SkillMutator: Benchmarking and Defending Language-and-Code Cross-modal Attacks on LLM Agent Skills

Large language model (LLM) agents increasingly extend their capabilities at runtime by loading Agent Skills, which pair natural-language specifications (SKILL.md) with executable scripts and resources. Because a skill's behavior relies on both natural-language instructions and executable code, assessing its safety requires cross-modal reasoning, creating a new language-and-code attack surface. Attackers can present a benign workflow in SKILL.md while embedding implicit directives that steer the agent to exfiltrate sensitive files, even if the scripts appear harmless. This attack surface remains understudied; prior work treats skills merely as prompt-injection vectors or static code artifacts, leaving attacks emerging from cross-modal interactions largely unmeasured.

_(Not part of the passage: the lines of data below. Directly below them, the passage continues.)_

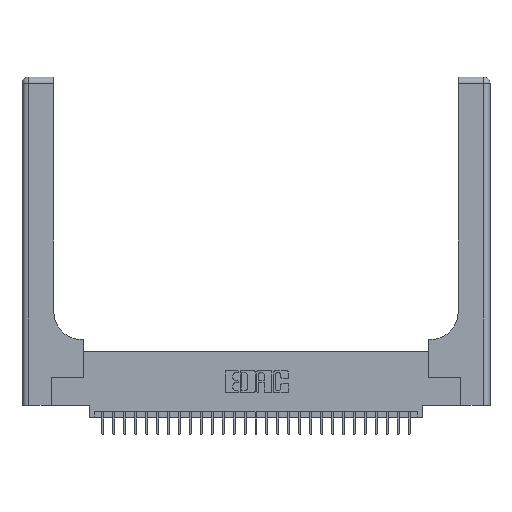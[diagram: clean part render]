
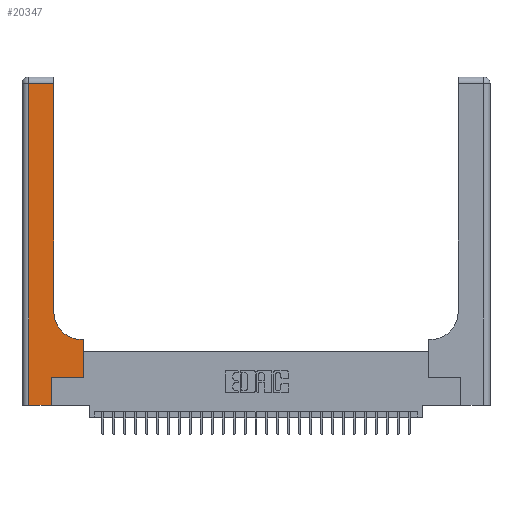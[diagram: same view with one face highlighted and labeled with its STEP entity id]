
A CAD part, top view. The second image highlights one B-rep face of the part: STEP entity #20347.
In plain terms, the highlighted planar face has unit normal (0, 0, 1).
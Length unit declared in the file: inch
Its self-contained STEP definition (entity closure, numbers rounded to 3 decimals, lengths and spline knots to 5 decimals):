
#326 = LINE ( 'NONE', #29440, #7261 ) ;
#518 = EDGE_CURVE ( 'NONE', #10290, #24856, #24675, .T. ) ;
#959 = LINE ( 'NONE', #28131, #12594 ) ;
#1615 = VECTOR ( 'NONE', #16192, 39.37008 ) ;
#1646 = VECTOR ( 'NONE', #24032, 39.37008 ) ;
#2129 = LINE ( 'NONE', #29507, #24504 ) ;
#3567 = PLANE ( 'NONE',  #21079 ) ;
#3671 = DIRECTION ( 'NONE',  ( 0., 0., -1. ) ) ;
#4589 = DIRECTION ( 'NONE',  ( 0., 1., 0. ) ) ;
#5098 = VERTEX_POINT ( 'NONE', #20747 ) ;
#5239 = AXIS2_PLACEMENT_3D ( 'NONE', #12744, #28800, #15045 ) ;
#5440 = VERTEX_POINT ( 'NONE', #18250 ) ;
#5540 = VERTEX_POINT ( 'NONE', #24027 ) ;
#5612 = CARTESIAN_POINT ( 'NONE',  ( 0.5585, 0.25, 0.37 ) ) ;
#5818 = FACE_OUTER_BOUND ( 'NONE', #27061, .T. ) ;
#6309 = VECTOR ( 'NONE', #28393, 39.37008 ) ;
#6556 = DIRECTION ( 'NONE',  ( -1., 0., 0. ) ) ;
#6905 = CARTESIAN_POINT ( 'NONE',  ( 0.269, 0.25, 0.37 ) ) ;
#7261 = VECTOR ( 'NONE', #15687, 39.37008 ) ;
#7595 = LINE ( 'NONE', #15906, #19853 ) ;
#7803 = LINE ( 'NONE', #6905, #1615 ) ;
#7983 = ORIENTED_EDGE ( 'NONE', *, *, #24202, .T. ) ;
#8025 = ORIENTED_EDGE ( 'NONE', *, *, #20539, .T. ) ;
#8749 = VERTEX_POINT ( 'NONE', #12777 ) ;
#9115 = ORIENTED_EDGE ( 'NONE', *, *, #15377, .T. ) ;
#9127 = ORIENTED_EDGE ( 'NONE', *, *, #18694, .T. ) ;
#9358 = EDGE_CURVE ( 'NONE', #5440, #18376, #28609, .T. ) ;
#10228 = ORIENTED_EDGE ( 'NONE', *, *, #9358, .T. ) ;
#10290 = VERTEX_POINT ( 'NONE', #22815 ) ;
#12074 = DIRECTION ( 'NONE',  ( 0., 1., 0. ) ) ;
#12594 = VECTOR ( 'NONE', #12074, 39.37008 ) ;
#12744 = CARTESIAN_POINT ( 'NONE',  ( 0.5415, 0.85, 0.37 ) ) ;
#12777 = CARTESIAN_POINT ( 'NONE',  ( 0.2915, 2.94, 0.37 ) ) ;
#13339 = CARTESIAN_POINT ( 'NONE',  ( 0.269, 0., 0.37 ) ) ;
#13676 = EDGE_CURVE ( 'NONE', #23272, #5098, #24753, .T. ) ;
#13821 = ORIENTED_EDGE ( 'NONE', *, *, #518, .T. ) ;
#13868 = LINE ( 'NONE', #18434, #26075 ) ;
#14112 = EDGE_CURVE ( 'NONE', #5540, #23272, #7803, .T. ) ;
#14633 = CARTESIAN_POINT ( 'NONE',  ( 0.5585, 0.25, 0.37 ) ) ;
#14650 = CARTESIAN_POINT ( 'NONE',  ( 0., 0., 0.37 ) ) ;
#15045 = DIRECTION ( 'NONE',  ( 1., 0., 0. ) ) ;
#15209 = CARTESIAN_POINT ( 'NONE',  ( 0., 3., 0.37 ) ) ;
#15377 = EDGE_CURVE ( 'NONE', #18376, #8749, #959, .T. ) ;
#15687 = DIRECTION ( 'NONE',  ( 0., -1., 0. ) ) ;
#15906 = CARTESIAN_POINT ( 'NONE',  ( 0., 2.94, 0.37 ) ) ;
#16192 = DIRECTION ( 'NONE',  ( 1., 0., 0. ) ) ;
#18250 = CARTESIAN_POINT ( 'NONE',  ( 0.5415, 0.6, 0.37 ) ) ;
#18376 = VERTEX_POINT ( 'NONE', #26567 ) ;
#18434 = CARTESIAN_POINT ( 'NONE',  ( 0.269, 0., 0.37 ) ) ;
#18694 = EDGE_CURVE ( 'NONE', #24856, #5540, #13868, .T. ) ;
#19668 = CARTESIAN_POINT ( 'NONE',  ( 0.06, 2.94, 0.37 ) ) ;
#19828 = DIRECTION ( 'NONE',  ( -1., 0., 0. ) ) ;
#19853 = VECTOR ( 'NONE', #29660, 39.37008 ) ;
#20347 = ADVANCED_FACE ( 'NONE', ( #5818 ), #3567, .F. ) ;
#20539 = EDGE_CURVE ( 'NONE', #8749, #21551, #7595, .T. ) ;
#20747 = CARTESIAN_POINT ( 'NONE',  ( 0.5585, 0.6, 0.37 ) ) ;
#21079 = AXIS2_PLACEMENT_3D ( 'NONE', #15209, #3671, #19828 ) ;
#21551 = VERTEX_POINT ( 'NONE', #19668 ) ;
#22815 = CARTESIAN_POINT ( 'NONE',  ( 0.06, 0., 0.37 ) ) ;
#23272 = VERTEX_POINT ( 'NONE', #14633 ) ;
#23516 = ORIENTED_EDGE ( 'NONE', *, *, #13676, .T. ) ;
#24027 = CARTESIAN_POINT ( 'NONE',  ( 0.269, 0.25, 0.37 ) ) ;
#24032 = DIRECTION ( 'NONE',  ( 0., 1., 0. ) ) ;
#24202 = EDGE_CURVE ( 'NONE', #21551, #10290, #326, .T. ) ;
#24504 = VECTOR ( 'NONE', #6556, 39.37008 ) ;
#24675 = LINE ( 'NONE', #14650, #6309 ) ;
#24753 = LINE ( 'NONE', #5612, #1646 ) ;
#24856 = VERTEX_POINT ( 'NONE', #13339 ) ;
#24899 = EDGE_CURVE ( 'NONE', #5098, #5440, #2129, .T. ) ;
#25684 = ORIENTED_EDGE ( 'NONE', *, *, #24899, .T. ) ;
#26075 = VECTOR ( 'NONE', #4589, 39.37008 ) ;
#26567 = CARTESIAN_POINT ( 'NONE',  ( 0.2915, 0.85, 0.37 ) ) ;
#27061 = EDGE_LOOP ( 'NONE', ( #9115, #8025, #7983, #13821, #9127, #28910, #23516, #25684, #10228 ) ) ;
#28131 = CARTESIAN_POINT ( 'NONE',  ( 0.2915, 3., 0.37 ) ) ;
#28393 = DIRECTION ( 'NONE',  ( 1., 0., 0. ) ) ;
#28609 = CIRCLE ( 'NONE', #5239, 0.25 ) ;
#28800 = DIRECTION ( 'NONE',  ( 0., 0., -1. ) ) ;
#28910 = ORIENTED_EDGE ( 'NONE', *, *, #14112, .T. ) ;
#29440 = CARTESIAN_POINT ( 'NONE',  ( 0.06, 3., 0.37 ) ) ;
#29507 = CARTESIAN_POINT ( 'NONE',  ( 0.2915, 0.6, 0.37 ) ) ;
#29660 = DIRECTION ( 'NONE',  ( -1., 0., 0. ) ) ;

In our evaluation, open-source and commercial skill scanners detect only 2%-8% and 9%-17% of such attacks, respectively. To address this gap, we introduce SkillMutator, the first benchmark for install-time detection of language-and-code cross-modal attacks on Agent Skills. It emulates an adversarial mutation process across 13 attack categories, iteratively refining malicious skills using scanner feedback to make injected behaviors indistinguishable from legitimate workflows. We further propose a four-phase reasoning-trajectory distillation framework to distill frontier-teacher traces into smaller open-weight models. This produces a locally deployable scanner avoiding third-party data exposure and excessive API costs. On the strongest SkillMutator subset (n=76), our distilled model (Qwen2.5-Coder-7B-Instruct) improves detection from 17.1% to 88.2%, surpassing GPT-4o-mini (23.7%) and GPT-5.4-mini (79.0%), and reaching frontier-level GPT-5.4 (86.8%). These results show practical defense against cross-modal attacks is feasible without relying on costly frontier models.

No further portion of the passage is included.